++++ Data extract

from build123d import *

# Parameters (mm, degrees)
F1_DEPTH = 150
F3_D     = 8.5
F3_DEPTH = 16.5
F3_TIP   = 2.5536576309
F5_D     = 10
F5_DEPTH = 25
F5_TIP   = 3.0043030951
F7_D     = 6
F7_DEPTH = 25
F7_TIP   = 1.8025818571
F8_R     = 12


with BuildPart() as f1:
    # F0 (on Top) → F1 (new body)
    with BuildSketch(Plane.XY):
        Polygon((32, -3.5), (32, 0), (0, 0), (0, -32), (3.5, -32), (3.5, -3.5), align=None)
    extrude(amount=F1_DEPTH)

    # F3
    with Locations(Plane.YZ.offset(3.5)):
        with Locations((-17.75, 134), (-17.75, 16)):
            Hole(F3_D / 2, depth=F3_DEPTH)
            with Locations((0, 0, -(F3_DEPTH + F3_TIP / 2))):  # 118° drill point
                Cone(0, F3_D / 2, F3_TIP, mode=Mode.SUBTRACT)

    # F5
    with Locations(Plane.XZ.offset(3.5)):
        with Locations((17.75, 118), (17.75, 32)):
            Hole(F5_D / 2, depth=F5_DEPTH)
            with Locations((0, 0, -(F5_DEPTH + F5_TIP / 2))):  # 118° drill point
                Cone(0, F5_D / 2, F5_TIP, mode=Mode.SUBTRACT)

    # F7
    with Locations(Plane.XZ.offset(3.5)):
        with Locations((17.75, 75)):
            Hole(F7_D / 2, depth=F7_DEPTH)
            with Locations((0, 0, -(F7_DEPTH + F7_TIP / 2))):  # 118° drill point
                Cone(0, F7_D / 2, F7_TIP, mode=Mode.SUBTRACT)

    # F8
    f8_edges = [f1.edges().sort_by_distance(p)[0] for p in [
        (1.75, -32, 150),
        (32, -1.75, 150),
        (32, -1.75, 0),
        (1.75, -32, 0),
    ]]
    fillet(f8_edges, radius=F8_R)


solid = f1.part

++++++++

(What is being asked) Determine how many lines in the records above have the string "SUBTRACT". Only the number should be returned.

(Written response) 3